== The input

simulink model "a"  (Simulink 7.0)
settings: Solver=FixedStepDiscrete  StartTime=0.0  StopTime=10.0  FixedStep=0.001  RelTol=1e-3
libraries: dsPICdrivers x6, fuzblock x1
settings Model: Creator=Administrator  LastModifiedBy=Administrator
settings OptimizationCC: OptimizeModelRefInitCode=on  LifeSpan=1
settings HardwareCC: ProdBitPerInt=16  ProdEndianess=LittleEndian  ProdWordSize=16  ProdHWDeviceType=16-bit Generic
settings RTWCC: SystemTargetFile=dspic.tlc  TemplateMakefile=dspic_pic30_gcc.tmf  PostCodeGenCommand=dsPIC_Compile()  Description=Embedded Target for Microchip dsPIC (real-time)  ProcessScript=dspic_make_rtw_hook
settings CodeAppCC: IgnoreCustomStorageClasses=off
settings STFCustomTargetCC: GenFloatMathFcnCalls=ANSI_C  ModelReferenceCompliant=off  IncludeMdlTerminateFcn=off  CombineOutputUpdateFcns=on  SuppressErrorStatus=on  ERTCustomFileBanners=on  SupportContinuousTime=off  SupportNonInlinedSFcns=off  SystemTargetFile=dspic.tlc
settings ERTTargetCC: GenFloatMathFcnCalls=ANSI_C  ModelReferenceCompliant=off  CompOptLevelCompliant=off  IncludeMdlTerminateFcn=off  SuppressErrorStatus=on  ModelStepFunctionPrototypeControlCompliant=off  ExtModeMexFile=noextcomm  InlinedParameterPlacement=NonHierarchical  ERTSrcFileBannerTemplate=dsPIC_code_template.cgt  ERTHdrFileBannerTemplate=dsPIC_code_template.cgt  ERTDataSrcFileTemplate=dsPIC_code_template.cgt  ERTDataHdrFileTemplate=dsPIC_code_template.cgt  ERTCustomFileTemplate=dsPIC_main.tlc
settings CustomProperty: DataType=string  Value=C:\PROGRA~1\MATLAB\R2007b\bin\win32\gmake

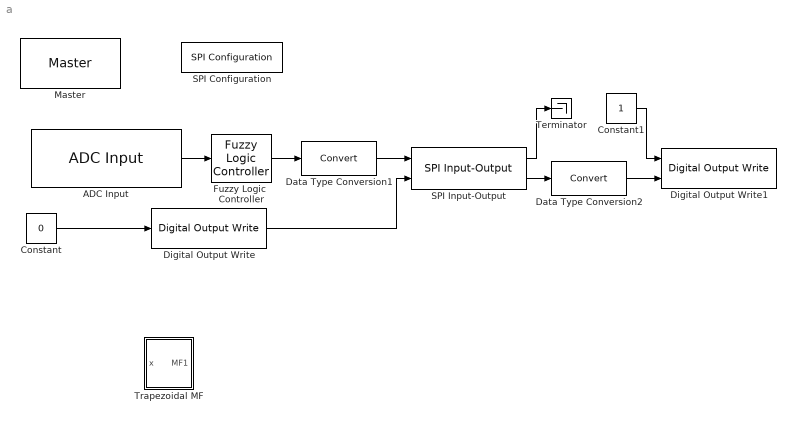
== system a ==
  ADC Input : dsPICdrivers/Peripheral I//O/ADC Input  Tag=dsPIC_ADC  Priority=5  ADC_TYPE=12 bits  ADC_MODE=Continuous sampling & get last channel value  NbrSampleStep=1  VoltRefpopup="AVdd  -  AVss"  OutFormatBitspopup=0000 dddd dddd dddd : Integer  InterruptPriority=6  ANCHANNELS=[8]  MaxName=ANmax = 4096  Rin=1e2  ADCS=6  SAMC=1  Temperature=25  DMAChannel=0  SampleTime=-1  Status="OK  |  Tsmp=7.000e-007 |  T/Channel=1.050e-005 |  Tall=1.050e-005"
  Constant : Constant  Value=0  OutDataTypeMode=boolean  OutDataType=sfix(16)  OutScaling=2^0
  Constant1 : Constant  OutDataTypeMode=boolean  OutDataType=sfix(16)  OutScaling=2^0
  Data Type Conversion1 : DataTypeConversion  OutDataTypeMode=uint16  OutDataType=sfix(16)  OutScaling=2^0
  Data Type Conversion2 : DataTypeConversion  OutDataTypeMode=boolean  OutDataType=sfix(16)  OutScaling=2^0
  Digital Output Write : dsPICdrivers/Digital I//O/Digital Output Write  Tag=dsPIC_Digital_Output  Priority=5  PORT=B  Pin=[2]  Simultaneous=off  OrderingInOutPopup=Output
  Digital Output Write1 : dsPICdrivers/Digital I//O/Digital Output Write  Tag=dsPIC_Digital_Output  Priority=5  PORT=B  Pin=[2]  Simultaneous=off  OrderingInOutPopup=Input
  Fuzzy Logic  Controller : fuzblock/Fuzzy Logic  Controller  SystemSampleTime=-1  fis=a1
  Master : dsPICdrivers/Master  Tag=dsPIC_MASTER  Priority=1  TimeStepType=Timer1  picType=30f6014  fcy=5e6  Quartz_33f=5e6  PLLActive_33f=off  fcyDesired_33f=0  tmr1="[1  4999  0]"  tmr1Info="Time Step : 0.001  ;   Error : 0%  PR1=4999"  tmr2345="[0  0  0  0]"  tmr2345cfg=[-1 -1 -1 -1]  IOautoConf=on  typePort="[ 0   0   0   0   0   0   0   0   0   0   0   0   0   0   0   0   0   0  10   0   0   0   0   0   8   0   0   0   0   0   0   0   0   0   0   0   0   0   0   0   0   0   0   0   0   0   0   0   0   0   0   0   0   0   0   0   0   0   0   0   0   0   0   0   0   0   0   0   0   0   0   0   0   0   0   0   0   0   0   0   0   0  14  15   0   0  16   0   0   0   0   0   0   0   0   0   0   0   0   0   0   0   0   0   0   0   0   0   0   0   0   0 ]"  TRIS="[ 65535  65531  65535  65535  65535  65535  65535 ]"  ADPCFG=4  MasterBusyPort=None  MasterOverloadPort=None  FOSC=LP  TempProtection_33f=TEMP_ON  FPBOR=PBOR_OFF  PWRT=PWRT_OFF  MCLR=MCLR_DIS  PowerSave=off
  SPI Configuration : dsPICdrivers/SPI PORT/SPI Configuration  Tag=dsPIC_config_SPI  Priority=2  ConfigurationTime=At boot time (only once)  OrderingInOutPopup=None  SampleTime=-1  Frame_Enable=0  Frame_Sync=None  SPI=1  MODE=SLAVE  USER_SCALER=20  StartEnable=Enable  SDO_EN=off  DATA_LENGTH=16 bits  SS_EN=off  SMP=End of bit  CKP=high  CKE=Idle to Active  Status="OK - Mode 1  -    Fsck= 250000Hz"
  SPI Input-Output : dsPICdrivers/SPI PORT/SPI Input-Output  Tag=dsPIC_SPI  SPI=1  INPUT=on  RESET_INPUT=off  OUTPUT=on  SPECIAL_SPI=Re-Enable Execute and Disable  DATA_LENGTH=16 bits  WAIT_INPUTDATA=on  OrderingInOutPopup=Input & Output  SampleTime=-1
  Terminator : Terminator
  Trapezoidal MF : Subsystem  AncestorBlock="fuzblock/Membership  Functions/Trapezoidal MF"  mask(trapmf){a=2, b=4, c=6, d=8}
      mask prompts: a "Left base point a:"; b "Left top point b:"; c "Right top point c:"; d "Right base point d:"
      mask help:
      | Trapezoidal membership function.
      |
      | The parameters a and d set the left and right "feet", or base points, of the trapezoid. The parameters b and c set the "shoulders", or top of the trapezoid.
      mask init:
      | x=-10:0.5:10;
      | params=[-8 -4 2 9];
      | y=trapmf(x,params);
      mask Help: eval('doc trapmf')
      mask Display: plot(x,y);
  wires:
  Digital Output Write/1 -> SPI Input-Output/2
  Constant/1 -> Digital Output Write/1
  Constant1/1 -> Digital Output Write1/1
  Data Type Conversion2/1 -> Digital Output Write1/2
  SPI Input-Output/2 -> Data Type Conversion2/1
  SPI Input-Output/1 -> Terminator/1
  ADC Input/1 -> Fuzzy Logic  Controller/1
  Fuzzy Logic  Controller/1 -> Data Type Conversion1/1
  Data Type Conversion1/1 -> SPI Input-Output/1

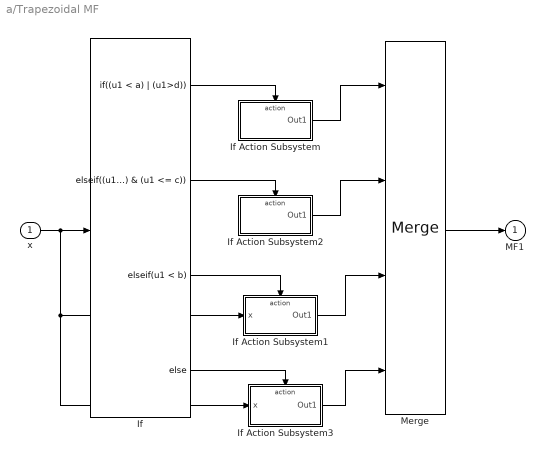
== system a/Trapezoidal MF ==
  x : Inport  OutDataType=sfix(16)  OutScaling=2^0
  If : If  IfExpression=(u1 < a) | (u1>d)  ElseIfExpressions=(u1 >= b) & (u1 <= c), u1 < b  ZeroCross=off
  If Action Subsystem : Subsystem  TreatAsAtomicUnit=on
  If Action Subsystem1 : Subsystem  TreatAsAtomicUnit=on
  If Action Subsystem2 : Subsystem  TreatAsAtomicUnit=on
  If Action Subsystem3 : Subsystem  TreatAsAtomicUnit=on
  Merge : Merge  Inputs=4
  MF1 : Outport  OutDataType=sfix(16)  OutScaling=2^0
  wires:
  If Action Subsystem3/1(Out1) -> Merge/4
  If Action Subsystem1/1(Out1) -> Merge/3
  If Action Subsystem2/1(Out1) -> Merge/2
  If/2 -> If Action Subsystem2/Action
  x/1 -> If Action Subsystem3/1(x), If Action Subsystem1/1(x), If/1
  If/3 -> If Action Subsystem1/Action
  If/4 -> If Action Subsystem3/Action
  If Action Subsystem/1(Out1) -> Merge/1
  Merge/1 -> MF1/1
  If/1 -> If Action Subsystem/Action

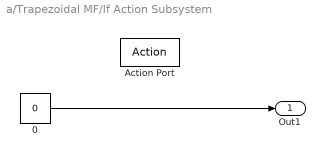
== system a/Trapezoidal MF/If Action Subsystem ==
  Action Port : ActionPort  ActionType=then
  0 : Constant  Value=0  OutDataTypeMode=double  OutDataType=sfix(16)  OutScaling=2^0
  Out1 : Outport  OutDataType=sfix(16)  OutScaling=2^0  InitialOutput=0
  wires:
  0/1 -> Out1/1

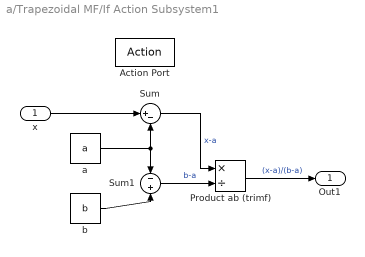
== system a/Trapezoidal MF/If Action Subsystem1 ==
  x : Inport  OutDataType=sfix(16)  OutScaling=2^0
  Action Port : ActionPort  ActionType=elseif
  Product ab (trimf) : Product  Inputs=*/  OutDataType=sfix(16)  OutScaling=2^0  SaturateOnIntegerOverflow=on  InputSameDT=on
  Sum : Sum  Inputs=|+-  OutDataType=sfix(16)  OutScaling=2^0  SaturateOnIntegerOverflow=on  InputSameDT=on
  Sum1 : Sum  Inputs=-+  OutDataType=sfix(16)  OutScaling=2^0  SaturateOnIntegerOverflow=on  InputSameDT=on
  a : Constant  Value=a  OutDataTypeMode=double  OutDataType=sfix(16)  OutScaling=2^0
  b : Constant  Value=b  OutDataTypeMode=double  OutDataType=sfix(16)  OutScaling=2^0
  Out1 : Outport  OutDataType=sfix(16)  OutScaling=2^0
  wires:
  Sum1/1 -> Product ab (trimf)/2  "b-a"
  Sum/1 -> Product ab (trimf)/1  "x-a"
  x/1 -> Sum/1
  b/1 -> Sum1/2
  a/1 -> Sum1/1, Sum/2
  Product ab (trimf)/1 -> Out1/1  "(x-a)/(b-a)"

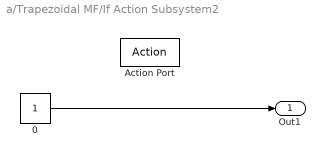
== system a/Trapezoidal MF/If Action Subsystem2 ==
  Action Port : ActionPort  ActionType=elseif
  0 : Constant  OutDataTypeMode=double  OutDataType=sfix(16)  OutScaling=2^0
  Out1 : Outport  OutDataType=sfix(16)  OutScaling=2^0  InitialOutput=0
  wires:
  0/1 -> Out1/1

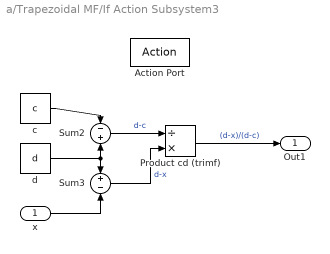
== system a/Trapezoidal MF/If Action Subsystem3 ==
  x : Inport  OutDataType=sfix(16)  OutScaling=2^0
  Action Port : ActionPort  ActionType=else
  Product cd (trimf) : Product  Inputs=/*  OutDataType=sfix(16)  OutScaling=2^0  SaturateOnIntegerOverflow=on  InputSameDT=on
  Sum2 : Sum  Inputs=-+  OutDataType=sfix(16)  OutScaling=2^0  SaturateOnIntegerOverflow=on  InputSameDT=on
  Sum3 : Sum  Inputs=+-  OutDataType=sfix(16)  OutScaling=2^0  SaturateOnIntegerOverflow=on  InputSameDT=on
  c : Constant  Value=c  OutDataTypeMode=double  OutDataType=sfix(16)  OutScaling=2^0
  d : Constant  Value=d  OutDataTypeMode=double  OutDataType=sfix(16)  OutScaling=2^0
  Out1 : Outport  OutDataType=sfix(16)  OutScaling=2^0
  wires:
  c/1 -> Sum2/1
  x/1 -> Sum3/2
  d/1 -> Sum3/1, Sum2/2
  Sum3/1 -> Product cd (trimf)/2  "d-x"
  Sum2/1 -> Product cd (trimf)/1  "d-c"
  Product cd (trimf)/1 -> Out1/1  "(d-x)/(d-c)"

====

■ Exercise details:
Write out again, exactly, the lines from the start of the entries up to and including the one with "settings STFCustomTargetCC: GenFloatMathFcnCalls=ANSI_C". Nothing else belongs in the reply.

■ Your response:
simulink model "a"  (Simulink 7.0)
settings: Solver=FixedStepDiscrete  StartTime=0.0  StopTime=10.0  FixedStep=0.001  RelTol=1e-3
libraries: dsPICdrivers x6, fuzblock x1
settings Model: Creator=Administrator  LastModifiedBy=Administrator
settings OptimizationCC: OptimizeModelRefInitCode=on  LifeSpan=1
settings HardwareCC: ProdBitPerInt=16  ProdEndianess=LittleEndian  ProdWordSize=16  ProdHWDeviceType=16-bit Generic
settings RTWCC: SystemTargetFile=dspic.tlc  TemplateMakefile=dspic_pic30_gcc.tmf  PostCodeGenCommand=dsPIC_Compile()  Description=Embedded Target for Microchip dsPIC (real-time)  ProcessScript=dspic_make_rtw_hook
settings CodeAppCC: IgnoreCustomStorageClasses=off
settings STFCustomTargetCC: GenFloatMathFcnCalls=ANSI_C  ModelReferenceCompliant=off  IncludeMdlTerminateFcn=off  CombineOutputUpdateFcns=on  SuppressErrorStatus=on  ERTCustomFileBanners=on  SupportContinuousTime=off  SupportNonInlinedSFcns=off  SystemTargetFile=dspic.tlc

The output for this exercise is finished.